[Records from a collection]
◆ ◆ ◆ ◆ ◆
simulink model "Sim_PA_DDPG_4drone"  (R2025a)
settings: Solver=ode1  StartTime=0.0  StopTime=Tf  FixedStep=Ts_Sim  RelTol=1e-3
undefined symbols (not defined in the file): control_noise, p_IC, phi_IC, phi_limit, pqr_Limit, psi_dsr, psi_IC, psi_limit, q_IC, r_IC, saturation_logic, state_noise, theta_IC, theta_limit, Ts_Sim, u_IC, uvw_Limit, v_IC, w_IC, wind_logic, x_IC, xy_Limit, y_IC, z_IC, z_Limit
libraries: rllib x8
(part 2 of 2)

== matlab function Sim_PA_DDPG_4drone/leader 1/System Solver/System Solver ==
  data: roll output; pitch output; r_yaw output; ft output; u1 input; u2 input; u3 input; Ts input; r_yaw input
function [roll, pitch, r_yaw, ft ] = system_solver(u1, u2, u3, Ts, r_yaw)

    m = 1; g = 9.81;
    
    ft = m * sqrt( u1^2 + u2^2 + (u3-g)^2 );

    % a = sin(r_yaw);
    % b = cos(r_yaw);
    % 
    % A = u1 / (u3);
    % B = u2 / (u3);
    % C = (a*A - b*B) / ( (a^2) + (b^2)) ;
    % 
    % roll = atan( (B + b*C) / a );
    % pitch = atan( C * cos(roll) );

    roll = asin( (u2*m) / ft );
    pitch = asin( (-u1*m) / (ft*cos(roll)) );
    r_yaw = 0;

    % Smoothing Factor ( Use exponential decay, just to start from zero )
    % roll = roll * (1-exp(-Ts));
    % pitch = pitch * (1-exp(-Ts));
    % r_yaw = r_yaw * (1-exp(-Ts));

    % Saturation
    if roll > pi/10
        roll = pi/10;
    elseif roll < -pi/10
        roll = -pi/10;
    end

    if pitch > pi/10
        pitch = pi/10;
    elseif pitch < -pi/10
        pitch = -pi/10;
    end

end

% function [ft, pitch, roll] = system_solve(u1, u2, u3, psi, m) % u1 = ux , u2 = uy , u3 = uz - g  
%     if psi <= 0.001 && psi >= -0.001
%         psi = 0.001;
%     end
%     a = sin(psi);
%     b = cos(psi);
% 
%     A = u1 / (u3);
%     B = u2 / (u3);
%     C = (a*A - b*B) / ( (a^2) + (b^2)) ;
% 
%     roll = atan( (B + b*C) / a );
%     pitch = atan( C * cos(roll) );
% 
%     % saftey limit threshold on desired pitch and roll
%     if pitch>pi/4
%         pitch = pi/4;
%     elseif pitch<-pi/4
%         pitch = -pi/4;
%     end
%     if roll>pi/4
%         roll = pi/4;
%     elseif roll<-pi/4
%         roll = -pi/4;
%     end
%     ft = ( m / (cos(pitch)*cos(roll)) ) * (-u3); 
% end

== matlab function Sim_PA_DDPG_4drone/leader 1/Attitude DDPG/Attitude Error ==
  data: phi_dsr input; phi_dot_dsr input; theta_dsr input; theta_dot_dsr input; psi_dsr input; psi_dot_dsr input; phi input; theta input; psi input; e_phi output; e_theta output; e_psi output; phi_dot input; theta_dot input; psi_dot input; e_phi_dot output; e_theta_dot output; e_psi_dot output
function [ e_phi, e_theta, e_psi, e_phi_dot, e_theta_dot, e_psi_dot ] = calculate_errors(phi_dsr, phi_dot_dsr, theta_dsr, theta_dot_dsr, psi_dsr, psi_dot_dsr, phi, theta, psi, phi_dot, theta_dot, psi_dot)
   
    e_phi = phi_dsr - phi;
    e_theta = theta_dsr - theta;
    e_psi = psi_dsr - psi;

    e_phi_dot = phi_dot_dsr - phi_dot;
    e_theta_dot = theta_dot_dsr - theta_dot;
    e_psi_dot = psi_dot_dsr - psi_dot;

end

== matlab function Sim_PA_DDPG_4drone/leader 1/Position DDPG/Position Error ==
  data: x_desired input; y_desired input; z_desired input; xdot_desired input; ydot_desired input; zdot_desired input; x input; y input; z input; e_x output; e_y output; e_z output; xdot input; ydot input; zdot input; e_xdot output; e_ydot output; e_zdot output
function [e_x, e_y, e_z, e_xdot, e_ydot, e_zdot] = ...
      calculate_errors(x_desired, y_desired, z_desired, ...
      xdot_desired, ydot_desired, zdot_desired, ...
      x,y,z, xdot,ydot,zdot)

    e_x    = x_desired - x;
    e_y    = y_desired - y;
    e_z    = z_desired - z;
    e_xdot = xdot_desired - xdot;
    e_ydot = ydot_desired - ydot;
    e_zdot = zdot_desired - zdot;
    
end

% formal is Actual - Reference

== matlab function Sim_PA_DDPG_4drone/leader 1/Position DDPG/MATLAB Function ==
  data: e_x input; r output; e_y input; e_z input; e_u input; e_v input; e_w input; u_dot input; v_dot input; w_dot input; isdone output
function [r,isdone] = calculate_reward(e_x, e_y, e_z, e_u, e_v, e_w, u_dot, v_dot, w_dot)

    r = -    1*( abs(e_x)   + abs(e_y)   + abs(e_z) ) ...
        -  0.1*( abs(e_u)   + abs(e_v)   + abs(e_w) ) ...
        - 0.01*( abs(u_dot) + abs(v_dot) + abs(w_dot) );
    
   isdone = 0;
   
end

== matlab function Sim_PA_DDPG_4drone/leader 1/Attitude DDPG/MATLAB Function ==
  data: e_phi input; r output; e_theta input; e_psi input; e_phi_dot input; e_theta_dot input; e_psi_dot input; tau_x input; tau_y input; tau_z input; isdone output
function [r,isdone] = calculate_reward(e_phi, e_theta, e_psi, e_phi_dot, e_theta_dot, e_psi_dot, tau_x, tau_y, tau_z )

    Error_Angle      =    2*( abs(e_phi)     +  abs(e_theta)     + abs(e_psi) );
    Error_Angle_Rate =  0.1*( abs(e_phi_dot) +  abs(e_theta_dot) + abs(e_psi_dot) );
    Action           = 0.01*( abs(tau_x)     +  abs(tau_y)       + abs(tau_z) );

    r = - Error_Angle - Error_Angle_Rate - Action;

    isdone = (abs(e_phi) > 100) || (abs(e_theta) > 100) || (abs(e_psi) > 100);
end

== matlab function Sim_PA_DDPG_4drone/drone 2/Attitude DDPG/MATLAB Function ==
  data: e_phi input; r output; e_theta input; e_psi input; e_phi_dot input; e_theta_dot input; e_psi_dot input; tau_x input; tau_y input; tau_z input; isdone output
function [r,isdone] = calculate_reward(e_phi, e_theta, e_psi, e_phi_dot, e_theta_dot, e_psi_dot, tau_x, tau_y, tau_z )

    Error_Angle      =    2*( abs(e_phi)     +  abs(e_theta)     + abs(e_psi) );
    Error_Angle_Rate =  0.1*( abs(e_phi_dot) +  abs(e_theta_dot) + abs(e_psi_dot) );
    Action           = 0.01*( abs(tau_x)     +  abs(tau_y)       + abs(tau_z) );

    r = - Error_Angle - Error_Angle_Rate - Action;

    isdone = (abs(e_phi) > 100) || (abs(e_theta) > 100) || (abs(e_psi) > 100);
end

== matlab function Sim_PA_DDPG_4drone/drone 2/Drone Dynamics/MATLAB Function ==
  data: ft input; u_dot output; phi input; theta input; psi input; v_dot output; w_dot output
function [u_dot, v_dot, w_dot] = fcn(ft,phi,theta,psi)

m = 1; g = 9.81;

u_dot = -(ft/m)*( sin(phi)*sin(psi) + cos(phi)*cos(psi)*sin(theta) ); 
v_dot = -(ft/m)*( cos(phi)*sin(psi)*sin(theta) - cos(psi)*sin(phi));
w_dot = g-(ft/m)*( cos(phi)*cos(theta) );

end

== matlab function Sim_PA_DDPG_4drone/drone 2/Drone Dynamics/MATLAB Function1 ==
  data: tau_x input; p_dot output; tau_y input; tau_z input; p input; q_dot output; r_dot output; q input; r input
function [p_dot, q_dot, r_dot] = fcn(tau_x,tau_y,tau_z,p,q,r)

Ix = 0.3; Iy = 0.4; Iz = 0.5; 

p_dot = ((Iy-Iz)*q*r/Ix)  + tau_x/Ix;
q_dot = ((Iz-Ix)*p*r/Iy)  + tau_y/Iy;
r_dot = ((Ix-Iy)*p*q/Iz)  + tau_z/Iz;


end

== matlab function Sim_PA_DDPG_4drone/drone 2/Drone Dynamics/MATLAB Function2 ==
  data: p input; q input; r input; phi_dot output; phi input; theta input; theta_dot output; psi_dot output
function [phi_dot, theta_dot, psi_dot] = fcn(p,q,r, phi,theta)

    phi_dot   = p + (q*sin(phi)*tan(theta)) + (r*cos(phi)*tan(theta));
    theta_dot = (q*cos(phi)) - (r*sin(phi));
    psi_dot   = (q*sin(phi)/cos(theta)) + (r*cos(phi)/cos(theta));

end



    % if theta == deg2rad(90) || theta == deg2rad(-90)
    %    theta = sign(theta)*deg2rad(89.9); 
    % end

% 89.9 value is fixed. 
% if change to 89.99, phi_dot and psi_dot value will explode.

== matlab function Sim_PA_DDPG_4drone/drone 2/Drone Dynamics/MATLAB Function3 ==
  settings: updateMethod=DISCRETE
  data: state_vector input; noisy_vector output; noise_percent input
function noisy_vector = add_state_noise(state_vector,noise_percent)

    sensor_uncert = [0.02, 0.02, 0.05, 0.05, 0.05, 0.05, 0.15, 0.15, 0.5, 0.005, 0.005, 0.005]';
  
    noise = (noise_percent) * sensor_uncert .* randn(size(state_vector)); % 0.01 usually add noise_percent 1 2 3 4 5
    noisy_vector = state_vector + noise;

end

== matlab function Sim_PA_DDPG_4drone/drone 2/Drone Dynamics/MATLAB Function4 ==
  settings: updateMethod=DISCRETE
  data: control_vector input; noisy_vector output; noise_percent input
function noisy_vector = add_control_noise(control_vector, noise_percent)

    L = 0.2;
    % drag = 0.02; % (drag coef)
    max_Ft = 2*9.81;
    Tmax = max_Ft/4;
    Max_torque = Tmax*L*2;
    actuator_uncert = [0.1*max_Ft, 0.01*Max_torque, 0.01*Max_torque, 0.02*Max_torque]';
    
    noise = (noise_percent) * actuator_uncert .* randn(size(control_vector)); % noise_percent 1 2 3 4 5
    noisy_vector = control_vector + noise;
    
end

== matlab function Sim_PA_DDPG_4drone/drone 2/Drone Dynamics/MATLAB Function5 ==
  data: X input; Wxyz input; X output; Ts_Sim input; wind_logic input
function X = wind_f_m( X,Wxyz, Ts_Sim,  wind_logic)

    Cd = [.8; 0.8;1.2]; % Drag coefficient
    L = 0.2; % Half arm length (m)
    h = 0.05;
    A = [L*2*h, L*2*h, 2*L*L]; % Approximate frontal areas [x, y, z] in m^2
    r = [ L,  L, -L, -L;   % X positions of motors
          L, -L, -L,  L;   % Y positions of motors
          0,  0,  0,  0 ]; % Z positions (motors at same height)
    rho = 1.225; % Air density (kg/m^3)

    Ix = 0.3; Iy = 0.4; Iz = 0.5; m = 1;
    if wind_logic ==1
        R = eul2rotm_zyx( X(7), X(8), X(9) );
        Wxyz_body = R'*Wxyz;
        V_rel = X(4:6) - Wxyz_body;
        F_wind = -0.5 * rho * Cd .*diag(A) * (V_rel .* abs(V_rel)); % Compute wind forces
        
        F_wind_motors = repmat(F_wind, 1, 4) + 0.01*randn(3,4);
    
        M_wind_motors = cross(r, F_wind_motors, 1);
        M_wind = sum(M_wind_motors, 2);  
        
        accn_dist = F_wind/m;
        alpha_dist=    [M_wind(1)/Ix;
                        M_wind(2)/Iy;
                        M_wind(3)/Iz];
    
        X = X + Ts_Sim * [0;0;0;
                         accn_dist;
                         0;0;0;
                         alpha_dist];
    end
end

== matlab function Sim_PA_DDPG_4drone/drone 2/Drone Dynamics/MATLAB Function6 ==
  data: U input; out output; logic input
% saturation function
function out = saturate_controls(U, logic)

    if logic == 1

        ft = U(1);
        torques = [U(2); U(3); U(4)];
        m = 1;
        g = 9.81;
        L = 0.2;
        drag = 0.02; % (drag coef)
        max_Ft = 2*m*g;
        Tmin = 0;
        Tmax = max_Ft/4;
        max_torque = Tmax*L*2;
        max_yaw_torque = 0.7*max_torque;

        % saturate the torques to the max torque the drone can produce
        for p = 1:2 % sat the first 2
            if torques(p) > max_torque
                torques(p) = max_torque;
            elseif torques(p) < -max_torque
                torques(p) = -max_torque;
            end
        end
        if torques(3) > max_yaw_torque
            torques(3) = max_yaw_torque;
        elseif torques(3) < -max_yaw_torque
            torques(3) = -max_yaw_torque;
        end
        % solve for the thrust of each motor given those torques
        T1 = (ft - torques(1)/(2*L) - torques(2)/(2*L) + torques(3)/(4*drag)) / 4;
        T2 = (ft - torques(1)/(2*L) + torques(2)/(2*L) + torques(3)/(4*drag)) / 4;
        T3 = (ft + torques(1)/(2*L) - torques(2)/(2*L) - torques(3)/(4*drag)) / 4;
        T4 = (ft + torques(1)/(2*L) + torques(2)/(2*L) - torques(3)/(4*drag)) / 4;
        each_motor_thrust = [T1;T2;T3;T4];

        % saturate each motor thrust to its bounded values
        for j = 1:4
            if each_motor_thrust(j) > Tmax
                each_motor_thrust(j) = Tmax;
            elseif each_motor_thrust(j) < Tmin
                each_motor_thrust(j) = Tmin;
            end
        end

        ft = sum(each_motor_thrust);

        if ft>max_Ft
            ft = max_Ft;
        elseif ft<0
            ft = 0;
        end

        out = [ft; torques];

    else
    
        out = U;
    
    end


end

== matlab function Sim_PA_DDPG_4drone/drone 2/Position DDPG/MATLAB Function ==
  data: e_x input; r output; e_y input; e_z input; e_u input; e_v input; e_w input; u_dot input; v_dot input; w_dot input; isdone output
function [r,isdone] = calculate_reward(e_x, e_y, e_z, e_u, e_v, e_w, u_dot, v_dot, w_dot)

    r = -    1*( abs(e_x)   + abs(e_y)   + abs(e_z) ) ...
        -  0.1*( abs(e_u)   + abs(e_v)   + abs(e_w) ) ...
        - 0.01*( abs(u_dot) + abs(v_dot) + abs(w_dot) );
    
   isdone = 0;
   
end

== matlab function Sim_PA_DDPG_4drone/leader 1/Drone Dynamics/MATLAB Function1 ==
◆ ◆ ◆ ◆ ◆
Starting at the first line of the records above, please copy every line exactly through the line containing "data: roll output;", and stop there.

simulink model "Sim_PA_DDPG_4drone"  (R2025a)
settings: Solver=ode1  StartTime=0.0  StopTime=Tf  FixedStep=Ts_Sim  RelTol=1e-3
undefined symbols (not defined in the file): control_noise, p_IC, phi_IC, phi_limit, pqr_Limit, psi_dsr, psi_IC, psi_limit, q_IC, r_IC, saturation_logic, state_noise, theta_IC, theta_limit, Ts_Sim, u_IC, uvw_Limit, v_IC, w_IC, wind_logic, x_IC, xy_Limit, y_IC, z_IC, z_Limit
libraries: rllib x8
(part 2 of 2)

== matlab function Sim_PA_DDPG_4drone/leader 1/System Solver/System Solver ==
  data: roll output; pitch output; r_yaw output; ft output; u1 input; u2 input; u3 input; Ts input; r_yaw input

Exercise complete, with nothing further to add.